As for Ellis's claim about painful handcuffing, no reasonable factfinder could find that Creel used excessive force against Ellis. The Eighth Amendment prohibits "unnecessary and wanton infliction of pain" on prisoners. Hudson v. McMillian, 503 U.S. 1, 5 (1992). For excessive-force claims under the Eighth Amendment, we ask whether the "force was applied in a good-faith effort to maintain or restore discipline, or maliciously and sadistically to cause harm." Id. at 7. Here, there is no evidence that the handcuffing was anything more than a good-faith application of force for the purpose of maintaining order and complying with the prison's policies. And even in the Fourth Amendment context (with its lower reasonableness standard), we have required a plaintiff claiming excessive force based on handcuffing to have put the officer on notice of the degree of pain or injury being inflicted by the handcuffs, not simply to mention their tightness. See Rooni v. Biser, 742 F.3d 737, 742 (7th Cir. 2014) (collecting examples). Here, Ellis lodged a general complaint; there is no evidence about pain, just superficial marks on the wrist. Therefore, a reasonable jury could not conclude that Creel tightly handcuffed him maliciously and sadistically for the very purpose of causing harm. See Outlaw v. Newkirk, 259 F.3d 833, 840 (7th Cir. 2001).

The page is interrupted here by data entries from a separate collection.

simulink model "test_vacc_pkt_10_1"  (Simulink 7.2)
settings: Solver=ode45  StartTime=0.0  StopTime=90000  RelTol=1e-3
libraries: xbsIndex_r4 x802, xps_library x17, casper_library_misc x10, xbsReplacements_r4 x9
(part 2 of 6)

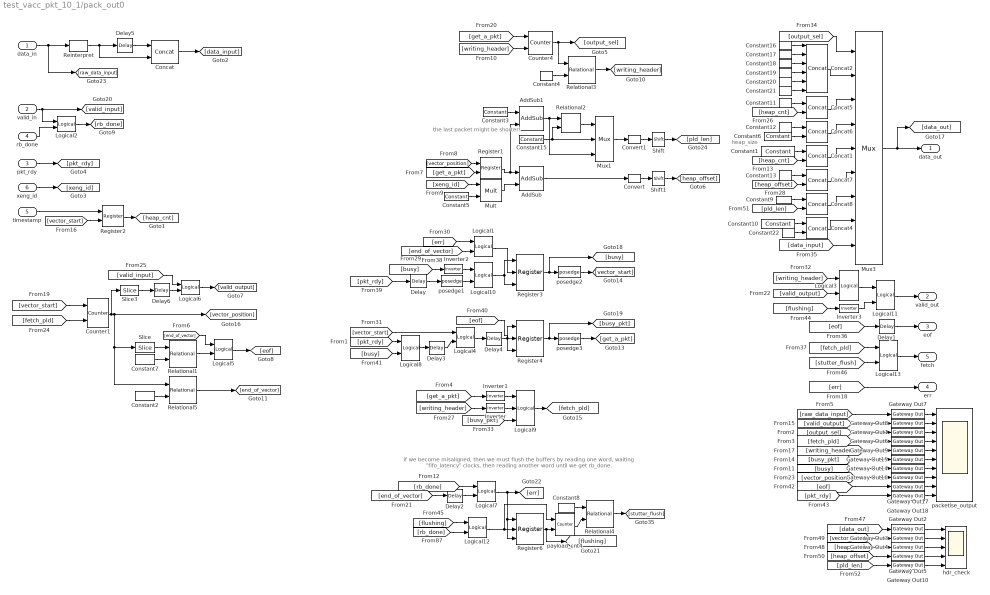
== system test_vacc_pkt_10_1/pack_out0 ==
  note: heap_size
  note: if we become misaligned,
      | then we must flush the buffers
      | by reading one word, waiting "fifo_latency" clocks,
      | then reading another word until we get rb_done.
  note: the last packet
      | might be shorter!
  data_in : Inport  OutDataType=sfix(16)  OutScaling=2^0
  valid_in : Inport  Port=2  OutDataType=sfix(16)  OutScaling=2^0
  pkt_rdy : Inport  Port=3  OutDataType=sfix(16)  OutScaling=2^0
  rb_done : Inport  Port=4  OutDataType=sfix(16)  OutScaling=2^0
  timestamp : Inport  Port=5  OutDataType=sfix(16)  OutScaling=2^0
  xeng_id : Inport  Port=6  OutDataType=sfix(16)  OutScaling=2^0
  AddSub : xbsIndex_r4/AddSub  mode=Addition  use_carryin=off  use_carryout=off  en=off  latency=1  precision=Full  arith_type=Unsigned  n_bits=16  bin_pt=14  quantization=Truncate  overflow=Wrap  dbl_ovrd=off  use_behavioral_HDL=on  hw_selection=Fabric  pipelined=off  block_type=addsub
  AddSub1 : xbsIndex_r4/AddSub  mode=Subtraction  use_carryin=off  use_carryout=off  en=off  latency=1  precision=Full  arith_type=Unsigned  n_bits=pkt_bits+4  bin_pt=0  quantization=Truncate  overflow=Wrap  dbl_ovrd=off  use_behavioral_HDL=on  hw_selection=Fabric  pipelined=off  block_type=addsub
  Concat{,1,4..8} (7 alike) : xbsIndex_r4/Concat  num_inputs=2  dbl_ovrd=off  block_type=concat
      settings: block_version=10.1.3
  Concat2 : xbsIndex_r4/Concat  num_inputs=6  dbl_ovrd=off  block_type=concat
      settings: block_version=10.1.3
  Constant1 : xbsIndex_r4/Constant  arith_type=Unsigned  const=5632 + 2^(spead_msw-spead_lsw-1)  n_bits=spead_msw-spead_lsw  bin_pt=0  explicit_period=on  period=1  equ=P=C  opselect=C  inp2=PCIN>>17  opr=+  inp1=P  carry=CIN  dbl_ovrd=off  block_type=constant
  Constant10 : xbsIndex_r4/Constant  arith_type=Unsigned  const=spead_item  n_bits=spead_msw-spead_lsw  bin_pt=0  explicit_period=on  period=1  equ=P=C  opselect=C  inp2=PCIN>>17  opr=+  inp1=P  carry=CIN  dbl_ovrd=off  block_type=constant
  Constant11 : xbsIndex_r4/Constant  arith_type=Unsigned  const=1 + 2^(spead_msw-spead_lsw-1)  n_bits=spead_msw-spead_lsw  bin_pt=0  explicit_period=on  period=1  equ=P=C  opselect=C  inp2=PCIN>>17  opr=+  inp1=P  carry=CIN  dbl_ovrd=off  block_type=constant
  Constant12 : xbsIndex_r4/Constant  arith_type=Unsigned  const="2 +  + 2^(spead_msw-spead_lsw-1)"  n_bits=spead_msw-spead_lsw  bin_pt=0  explicit_period=on  period=1  equ=P=C  opselect=C  inp2=PCIN>>17  opr=+  inp1=P  carry=CIN  dbl_ovrd=off  block_type=constant
  Constant13 : xbsIndex_r4/Constant  arith_type=Unsigned  const=3 + 2^(spead_msw-spead_lsw-1)  n_bits=spead_msw-spead_lsw  bin_pt=0  explicit_period=on  period=1  equ=P=C  opselect=C  inp2=PCIN>>17  opr=+  inp1=P  carry=CIN  dbl_ovrd=off  block_type=constant
  Constant15 : xbsIndex_r4/Constant  arith_type=Unsigned  const=(pkt_len*2)  n_bits=pkt_bits+2  bin_pt=0  explicit_period=on  period=1  equ=P=C  opselect=C  inp2=PCIN>>17  opr=+  inp1=P  carry=CIN  dbl_ovrd=off  block_type=constant
  Constant16 : xbsIndex_r4/Constant  arith_type=Unsigned  const=83  n_bits=8  bin_pt=0  explicit_period=on  period=1  equ=P=C  opselect=C  inp2=PCIN>>17  opr=+  inp1=P  carry=CIN  dbl_ovrd=off  block_type=constant
  Constant17 : xbsIndex_r4/Constant  arith_type=Unsigned  const=4  n_bits=8  bin_pt=0  explicit_period=on  period=1  equ=P=C  opselect=C  inp2=PCIN>>17  opr=+  inp1=P  carry=CIN  dbl_ovrd=off  block_type=constant
  Constant18 : xbsIndex_r4/Constant  arith_type=Unsigned  const=(spead_msw-spead_lsw)/8  n_bits=8  bin_pt=0  explicit_period=on  period=1  equ=P=C  opselect=C  inp2=PCIN>>17  opr=+  inp1=P  carry=CIN  dbl_ovrd=off  block_type=constant
  Constant19 : xbsIndex_r4/Constant  arith_type=Unsigned  const=spead_lsw/8  n_bits=8  bin_pt=0  explicit_period=on  period=1  equ=P=C  opselect=C  inp2=PCIN>>17  opr=+  inp1=P  carry=CIN  dbl_ovrd=off  block_type=constant
  Constant2 : xbsIndex_r4/Constant  arith_type=Unsigned  const=(vector_len)-1  n_bits=vector_bits+1  bin_pt=0  explicit_period=on  period=1  equ=P=C  opselect=C  inp2=PCIN>>17  opr=+  inp1=P  carry=CIN  dbl_ovrd=off  block_type=constant
  Constant20 : xbsIndex_r4/Constant  arith_type=Unsigned  const=0  n_bits=16  bin_pt=0  explicit_period=on  period=1  equ=P=C  opselect=C  inp2=PCIN>>17  opr=+  inp1=P  carry=CIN  dbl_ovrd=off  block_type=constant
  Constant21 : xbsIndex_r4/Constant  arith_type=Unsigned  const=6  n_bits=16  bin_pt=0  explicit_period=on  period=1  equ=P=C  opselect=C  inp2=PCIN>>17  opr=+  inp1=P  carry=CIN  dbl_ovrd=off  block_type=constant
  Constant22 : xbsIndex_r4/Constant  arith_type=Unsigned  const=0  n_bits=spead_lsw  bin_pt=0  explicit_period=on  period=1  equ=P=C  opselect=C  inp2=PCIN>>17  opr=+  inp1=P  carry=CIN  dbl_ovrd=off  block_type=constant
  Constant3 : xbsIndex_r4/Constant  arith_type=Unsigned  const=vector_len  n_bits=vector_bits+1  bin_pt=0  explicit_period=on  period=1  equ=P=C  opselect=C  inp2=PCIN>>17  opr=+  inp1=P  carry=CIN  dbl_ovrd=off  block_type=constant
  Constant4 : xbsIndex_r4/Constant  arith_type=Unsigned  const=7  n_bits=3  bin_pt=0  explicit_period=on  period=1  equ=P=C  opselect=C  inp2=PCIN>>17  opr=+  inp1=P  carry=CIN  dbl_ovrd=off  block_type=constant
  Constant5 : xbsIndex_r4/Constant  arith_type=Unsigned  const=vector_len  n_bits=vector_bits+1  bin_pt=0  explicit_period=on  period=1  equ=P=C  opselect=C  inp2=PCIN>>17  opr=+  inp1=P  carry=CIN  dbl_ovrd=off  block_type=constant
  Constant6 : xbsIndex_r4/Constant  arith_type=Unsigned  const=heap_len  n_bits=spead_lsw  bin_pt=0  explicit_period=on  period=1  equ=P=C  opselect=C  inp2=PCIN>>17  opr=+  inp1=P  carry=CIN  dbl_ovrd=off  block_type=constant
  Constant7 : xbsIndex_r4/Constant  arith_type=Unsigned  const=(pkt_len*2)-1  n_bits=pkt_bits+1  bin_pt=0  explicit_period=on  period=1  equ=P=C  opselect=C  inp2=PCIN>>17  opr=+  inp1=P  carry=CIN  dbl_ovrd=off  block_type=constant
  Constant8 : xbsIndex_r4/Constant  arith_type=Unsigned  const=1  n_bits=ceil(log2(fifo_latency))+1  bin_pt=0  explicit_period=on  period=1  equ=P=C  opselect=C  inp2=PCIN>>17  opr=+  inp1=P  carry=CIN  dbl_ovrd=off  block_type=constant
  Constant9 : xbsIndex_r4/Constant  arith_type=Unsigned  const=4 + 2^(spead_msw-spead_lsw-1)  n_bits=spead_msw-spead_lsw  bin_pt=0  explicit_period=on  period=1  equ=P=C  opselect=C  inp2=PCIN>>17  opr=+  inp1=P  carry=CIN  dbl_ovrd=off  block_type=constant
  Convert : xbsIndex_r4/Convert  arith_type=Unsigned  n_bits=spead_lsw  bin_pt=0  quantization=Truncate  overflow=Wrap  latency=0  dbl_ovrd=off  pipeline=off  block_type=convert
      settings: block_version=11.4
  Convert1 : xbsIndex_r4/Convert  arith_type=Unsigned  n_bits=spead_lsw  bin_pt=0  quantization=Truncate  overflow=Wrap  latency=0  dbl_ovrd=off  pipeline=off  block_type=convert
      settings: block_version=11.4
  Counter1 : xbsIndex_r4/Counter  cnt_type=Free Running  cnt_to=1023  operation=Up  start_count=0  cnt_by_val=1  arith_type=Unsigned  n_bits=vector_bits+1  bin_pt=0  load_pin=off  rst=on  en=on  explicit_period=on  period=1  dbl_ovrd=off  use_behavioral_HDL=off  implementation=Fabric  use_rpm=on  block_type=counter
      settings: xl_area=[0, 0, 0, 0, 0, 0, 0]
  Counter4 : xbsIndex_r4/Counter  cnt_type=Free Running  cnt_to=1023  operation=Up  start_count=0  cnt_by_val=1  arith_type=Unsigned  n_bits=3  bin_pt=0  load_pin=off  rst=on  en=on  explicit_period=on  period=1  dbl_ovrd=off  use_behavioral_HDL=off  implementation=Fabric  use_rpm=on  block_type=counter
      settings: xl_area=[0, 0, 0, 0, 0, 0, 0]
  Delay : xbsIndex_r4/Delay  en=off  latency=1  dbl_ovrd=off  reg_retiming=on  block_type=delay
      settings: block_version=11.4
  Delay{1..2,4,6} (4 alike) : xbsIndex_r4/Delay  en=off  latency=fifo_latency  dbl_ovrd=off  reg_retiming=on  block_type=delay
      settings: block_version=11.4
  Delay3 : xbsIndex_r4/Delay  en=off  latency=1  dbl_ovrd=off  reg_retiming=on  block_type=delay
      settings: block_version=11.4
  Delay5 : xbsIndex_r4/Delay  en=off  latency=1  dbl_ovrd=off  reg_retiming=on  block_type=delay
      settings: block_version=11.4
  Gateway Out{1..10,14..18} (15 alike) : xbsIndex_r4/Gateway Out  hdl_port=on  timing_constraint=None  locs_specified=off  LOCs={}  block_type=gatewayout
      settings: infoedit="Gateway out block.  Converts Xilinx fixed point inputs into ouputs of type Simulink integer, double, or fixed point.<P><P>Hardware notes:  In hardware these blocks become top level output ports or are discarded, depending on how they are configured."  xl_area=[0, 0, 0, 0, 0, 0, 0]  block_version=10.1.3
  Inverter{,1..3} (4 alike) : xbsIndex_r4/Inverter  en=off  latency=0  dbl_ovrd=off  block_type=inv
      settings: block_version=11.4
  Logical{1,3..5,13} (5 alike) : xbsIndex_r4/Logical  logical_function=OR  inputs=2  en=off  latency=0  precision=Full  arith_type=Unsigned  n_bits=8  bin_pt=2  align_bp=on  dbl_ovrd=off  block_type=logical
      settings: xl_area=[0, 0, 0, 0, 0, 0, 0]
  Logical{2,6,8,10..12} (6 alike) : xbsIndex_r4/Logical  logical_function=AND  inputs=2  en=off  latency=0  precision=Full  arith_type=Unsigned  n_bits=8  bin_pt=2  align_bp=on  dbl_ovrd=off  block_type=logical
      settings: xl_area=[0, 0, 0, 0, 0, 0, 0]
  Logical7 : xbsIndex_r4/Logical  logical_function=XOR  inputs=2  en=off  latency=0  precision=Full  arith_type=Unsigned  n_bits=8  bin_pt=2  align_bp=on  dbl_ovrd=off  block_type=logical
      settings: xl_area=[0, 0, 0, 0, 0, 0, 0]
  Logical9 : xbsIndex_r4/Logical  logical_function=AND  inputs=3  en=off  latency=0  precision=Full  arith_type=Unsigned  n_bits=8  bin_pt=2  align_bp=on  dbl_ovrd=off  block_type=logical
      settings: xl_area=[0, 0, 0, 0, 0, 0, 0]
  Mult : xbsIndex_r4/Mult  precision=Full  arith_type="Signed  (2's comp)"  n_bits=16  bin_pt=14  quantization=Truncate  overflow=Wrap  en=off  latency=3  dbl_ovrd=off  use_behavioral_HDL=on  opt=Speed  use_embedded=on  optimum_pipeline=on  pipeline=on  use_rpm=on  placement_style=Triangular  block_type=mult
      settings: block_version=11.4
  Mux1 : xbsIndex_r4/Mux  inputs=2  en=off  latency=1  precision=Full  arith_type="Signed  (2's comp)"  n_bits=8  bin_pt=2  quantization=Truncate  overflow=Wrap  dbl_ovrd=off  block_type=mux
      settings: xl_area=[0, 0, 0, 0, 0, 0, 0]
  Mux3 : xbsIndex_r4/Mux  inputs=8  en=off  latency=0  precision=Full  arith_type="Signed  (2's comp)"  n_bits=8  bin_pt=2  quantization=Truncate  overflow=Wrap  dbl_ovrd=off  block_type=mux
      settings: xl_area=[0, 0, 0, 0, 0, 0, 0]
  Register1 : xbsIndex_r4/Register  init=0  rst=off  en=on  dbl_ovrd=off  block_type=register
  Register2 : xbsIndex_r4/Register  init=0  rst=off  en=on  dbl_ovrd=off  block_type=register
  Register3 : xbsIndex_r4/Register  init=0  rst=on  en=on  dbl_ovrd=off  block_type=register
  Register4 : xbsIndex_r4/Register  init=0  rst=on  en=on  dbl_ovrd=off  block_type=register
  Register6 : xbsIndex_r4/Register  init=0  rst=on  en=on  dbl_ovrd=off  block_type=register
      settings: xl_area=[0, 0, 0, 0, 0, 0, 0]
  Reinterpret : xbsIndex_r4/Reinterpret  force_arith_type=on  arith_type=Unsigned  force_bin_pt=on  bin_pt=0  block_type=reinterpret
      settings: infoedit="Changes signal type without altering the binary representation.   You can changed the signal between signed and unsigned, and relocate the binary point.<br><br>Hardware notes: In hardware this block costs nothing.<br><br>Example:  Suppose the input is 6 bits wide, signed, with 2 fractional bits, and the output is forced to unsigned with 0 fractional bits.  Then an input of -2.0 (1110.00 in binary 2's complement) becomes an output of 56 (111000 in binary)."
  Relational1 : xbsIndex_r4/Relational  mode=a=b  en=off  latency=0  dbl_ovrd=off  block_type=relational
      settings: xl_area=[0, 0, 0, 0, 0, 0, 0]  block_version=10.1.3
  Relational2 : xbsIndex_r4/Relational  mode=a<b  en=off  latency=0  dbl_ovrd=off  block_type=relational
      settings: xl_area=[0, 0, 0, 0, 0, 0, 0]  block_version=10.1.3
  Relational3 : xbsIndex_r4/Relational  mode=a<b  en=off  latency=0  dbl_ovrd=off  block_type=relational
      settings: xl_area=[0, 0, 0, 0, 0, 0, 0]  block_version=10.1.3
  Relational4 : xbsIndex_r4/Relational  mode=a=b  en=off  latency=0  dbl_ovrd=off  block_type=relational
      settings: xl_area=[0, 0, 0, 0, 0, 0, 0]  block_version=10.1.3
  Relational5 : xbsIndex_r4/Relational  mode=a=b  en=off  latency=0  dbl_ovrd=off  block_type=relational
      settings: xl_area=[0, 0, 0, 0, 0, 0, 0]  block_version=10.1.3
  Shift : xbsIndex_r4/Shift  shift_dir=Left  shift_bits=2  en=off  latency=0  precision=Full  arith_type="Signed  (2's comp)"  n_bits=16  bin_pt=14  quantization=Truncate  overflow=Wrap  dbl_ovrd=off  block_type=shift
  Shift1 : xbsIndex_r4/Shift  shift_dir=Left  shift_bits=2  en=off  latency=0  precision=Full  arith_type="Signed  (2's comp)"  n_bits=16  bin_pt=14  quantization=Truncate  overflow=Wrap  dbl_ovrd=off  block_type=shift
  Slice : xbsIndex_r4/Slice  nbits=pkt_bits+1  boolean_output=off  mode=Lower Bit Location + Width  bit1=0  base1=MSB of Input  bit0=0  base0=LSB of Input  dbl_ovrd=off  block_type=slice
  Slice3 : xbsIndex_r4/Slice  nbits=1  boolean_output=on  mode=Lower Bit Location + Width  bit1=0  base1=MSB of Input  bit0=0  base0=LSB of Input  dbl_ovrd=off  block_type=slice
  hdr_check : Scope  NumInputPorts=5
      settings: YMin=0~0~0~0~920  YMax=1e+19~1~17500~3250~1030  SaveName=ScopeData12
  packetise_output : Scope  NumInputPorts=10
      settings: YMin=1000~-1~7~-1~-1~-1~-1~1024~-1~-1  YMax=1000~1~7~1~1~1~1~1024~1~1
  payload_cnt4 : xbsIndex_r4/Counter  cnt_type=Count Limited  cnt_to=max((fifo_latency + 1),2)  operation=Up  start_count=0  cnt_by_val=1  arith_type=Unsigned  n_bits=ceil(log2(fifo_latency))+1  bin_pt=0  load_pin=off  rst=on  en=on  explicit_period=on  period=1  dbl_ovrd=off  use_behavioral_HDL=off  implementation=Fabric  use_rpm=on  block_type=counter
      settings: xl_area=[0, 0, 0, 0, 0, 0, 0]
  posedge1 : casper_library_misc/posedge  Tag=Rising Edge Detector  SystemSampleTime=-1
  posedge2 : casper_library_misc/posedge  Tag=Rising Edge Detector  SystemSampleTime=-1
  posedge3 : casper_library_misc/posedge  Tag=Rising Edge Detector  SystemSampleTime=-1
  data_out : Outport  OutDataType=sfix(16)  OutScaling=2^0
  valid_out : Outport  Port=2  OutDataType=sfix(16)  OutScaling=2^0
  eof : Outport  Port=3  OutDataType=sfix(16)  OutScaling=2^0
  err : Outport  Port=4  OutDataType=sfix(16)  OutScaling=2^0
  fetch : Outport  Port=5  OutDataType=sfix(16)  OutScaling=2^0
  wires:
  Gateway Out14/1 -> packetise_output/7
  [end_of_vector] -> Logical5/1
  Gateway Out15/1 -> packetise_output/6
  Gateway Out9/1 -> packetise_output/5
  Gateway Out6/1 -> packetise_output/4
  Gateway Out1/1 -> packetise_output/3
  Gateway Out8/1 -> packetise_output/2
  Gateway Out7/1 -> packetise_output/1
  Logical5/1 -> [eof]
  Logical2/1 -> [rb_done]
  xeng_id/1 -> [xeng_id]
  Concat/1 -> [data_input]
  Gateway Out16/1 -> packetise_output/8
  Slice/1 -> Relational1/1
  Counter1/1 -> Slice3/1, [vector_position], Slice/1, Relational5/1
  timestamp/1 -> Register2/1
  Register2/1 -> [heap_cnt]
  [vector_start] -> Register2/2
  Constant2/1 -> Relational5/2
  Relational5/1 -> [end_of_vector]
  data_in/1 -> Reinterpret/1, [raw_data_input]
  valid_in/1 -> Logical2/1, [valid_input]
  pkt_rdy/1 -> [pkt_rdy]
  Reinterpret/1 -> Delay5/1, Concat/2
  rb_done/1 -> Logical2/2
  Delay5/1 -> Concat/1
  Gateway Out17/1 -> packetise_output/9
  Gateway Out18/1 -> packetise_output/10
  Slice3/1 -> Delay6/1
  Delay6/1 -> Logical6/2
  Logical6/1 -> [valid_output]
  [valid_input] -> Logical6/1
  [fetch_pld] -> Counter1/2
  [vector_start] -> Counter1/1
  Constant7/1 -> Relational1/2
  Relational1/1 -> Logical5/2
  [fetch_pld] -> Gateway Out6/1
  [writing_header] -> Gateway Out9/1
  [busy] -> Gateway Out14/1
  [valid_output] -> Gateway Out8/1
  [busy_pkt] -> Gateway Out15/1
  [output_sel] -> Gateway Out1/1
  [raw_data_input] -> Gateway Out7/1
  [vector_position] -> Gateway Out16/1
  Mux3/1 -> [data_out], data_out/1
  [output_sel] -> Mux3/1
  Concat2/1 -> Mux3/2
  Constant16/1 -> Concat2/1
  Constant17/1 -> Concat2/2
  Constant18/1 -> Concat2/3
  Constant19/1 -> Concat2/4
  [data_input] -> Mux3/9
  [writing_header] -> Logical3/1
  [eof] -> Delay1/1
  Delay1/1 -> eof/1
  Constant20/1 -> Concat2/5
  Constant21/1 -> Concat2/6
  Concat4/1 -> Mux3/8
  Constant22/1 -> Concat4/2
  Constant10/1 -> Concat4/1
  Constant11/1 -> Concat5/1
  [heap_cnt] -> Concat5/2
  Concat5/1 -> Mux3/3
  Constant12/1 -> Concat6/1
  Constant6/1 -> Concat6/2
  Concat6/1 -> Mux3/4
  Constant13/1 -> Concat7/1
  [heap_offset] -> Concat7/2
  Concat1/1 -> Mux3/5
  Concat7/1 -> Mux3/6
  [pld_len] -> Concat8/2
  Constant9/1 -> Concat8/1
  [valid_output] -> Logical3/2
  Counter4/1 -> Relational3/1, [output_sel]
  Relational3/1 -> [writing_header]
  Constant4/1 -> Relational3/2
  [writing_header] -> Counter4/2
  [vector_position] -> Register1/1
  Register1/1 -> AddSub1/2, AddSub/1
  [heap_cnt] -> Concat1/2
  Constant1/1 -> Concat1/1
  [get_a_pkt] -> Register1/2
  [err] -> err/1
  [rb_done] -> Logical7/1
  [end_of_vector] -> Delay2/1
  Constant5/1 -> Mult/2
  [xeng_id] -> Mult/1
  Mult/1 -> AddSub/2
  AddSub/1 -> Convert/1
  Convert/1 -> Shift1/1
  [get_a_pkt] -> Counter4/1
  [writing_header] -> Inverter/1
  [vector_start] -> Logical4/1
  Logical4/1 -> Delay4/1
  [pkt_rdy] -> Logical8/1
  Logical8/1 -> Delay3/1
  Register3/1 -> [busy], posedge2/1
  posedge2/1 -> [vector_start]
  Inverter2/1 -> Logical10/1
  Logical10/1 -> Register3/1, Register3/3
  [end_of_vector] -> Logical1/2
  [pkt_rdy] -> Delay/1
  posedge1/1 -> Logical10/2
  [busy] -> Inverter2/1
  Delay/1 -> posedge1/1
  Delay2/1 -> Logical7/2
  [get_a_pkt] -> Inverter1/1
  Delay3/1 -> Logical4/2
  Delay4/1 -> Register4/3, Register4/1
  posedge3/1 -> [get_a_pkt]
  Register4/1 -> posedge3/1, [busy_pkt]
  [eof] -> Register4/2
  [busy] -> Logical8/2
  Inverter1/1 -> Logical9/1
  Inverter/1 -> Logical9/2
  [busy_pkt] -> Logical9/3
  Logical9/1 -> [fetch_pld]
  [eof] -> Gateway Out17/1
  [pkt_rdy] -> Gateway Out18/1
  Logical7/1 -> Register6/3, Register6/1, [err]
  [rb_done] -> Logical12/2
  payload_cnt4/1 -> Relational4/2
  Constant8/1 -> Relational4/1
  Register6/1 -> payload_cnt4/2, [flushing]
  Relational4/1 -> [stutter_flush]
  Logical1/1 -> Register3/2
  [err] -> Logical1/1
  Logical3/1 -> Logical11/1
  Logical11/1 -> valid_out/1
  Inverter3/1 -> Logical11/2
  [flushing] -> Inverter3/1
  Logical12/1 -> payload_cnt4/1, Register6/2
  [flushing] -> Logical12/1
  Logical13/1 -> fetch/1
  [fetch_pld] -> Logical13/1
  [stutter_flush] -> Logical13/2
  [data_out] -> Gateway Out2/1
  [vector_start] -> Gateway Out3/1
  [heap_cnt] -> Gateway Out4/1
  [heap_offset] -> Gateway Out5/1
  Gateway Out2/1 -> hdr_check/1
  Gateway Out3/1 -> hdr_check/2
  Gateway Out4/1 -> hdr_check/3
  Gateway Out5/1 -> hdr_check/4
  Constant15/1 -> Mux1/2, Relational2/2
  Concat8/1 -> Mux3/7
  Mux1/1 -> Convert1/1
  Relational2/1 -> Mux1/1
  Constant3/1 -> AddSub1/1
  AddSub1/1 -> Relational2/1, Mux1/3
  Convert1/1 -> Shift/1
  Shift/1 -> [pld_len]
  Shift1/1 -> [heap_offset]
  Gateway Out10/1 -> hdr_check/5
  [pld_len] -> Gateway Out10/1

Finally, Ellis argues that the district court erred by entering judgment for the nurses who did not appear. But its decision was proper-or, at least not prejudicial to Ellis in the case of Bailey, who was never served and need not have been included in the judgment. (Leaving her out would not have affected finality because it was too late to serve her, and a new claim against her would be untimely. See Manley v. City of Chicago, 236 F.3d 392, 395 (7th Cir. 2001).) After the clerk's entry of default against White, Ellis missed the court's deadline for proving damages and obtaining a judgment under Rule 55(b)(2). Thus he did not "establish his entitlement to the relief he seeks." VLM Food Trading Int'l, Inc. v. Ill. Trading Co., 811 F.3d 247, 255 (7th Cir. 2016) (citation omitted).
Because he never proved the substantial damages requested, the district court properly entered judgment for White-even though her default meant that the factual allegations against her were deemed admitted, see Barwin v. Vill. of Oak Park, 54 F.4th 443, 450 n.6 (7th Cir. 2022), which in this case would preclude a judgment for her on the merits.
AFFIRMED.
[*] We have agreed to decide the case without oral argument because the briefs and record adequately present the facts and legal arguments, and oral argument would not significantly aid the court. FED. R. APP. p. 34(a)(2)(C).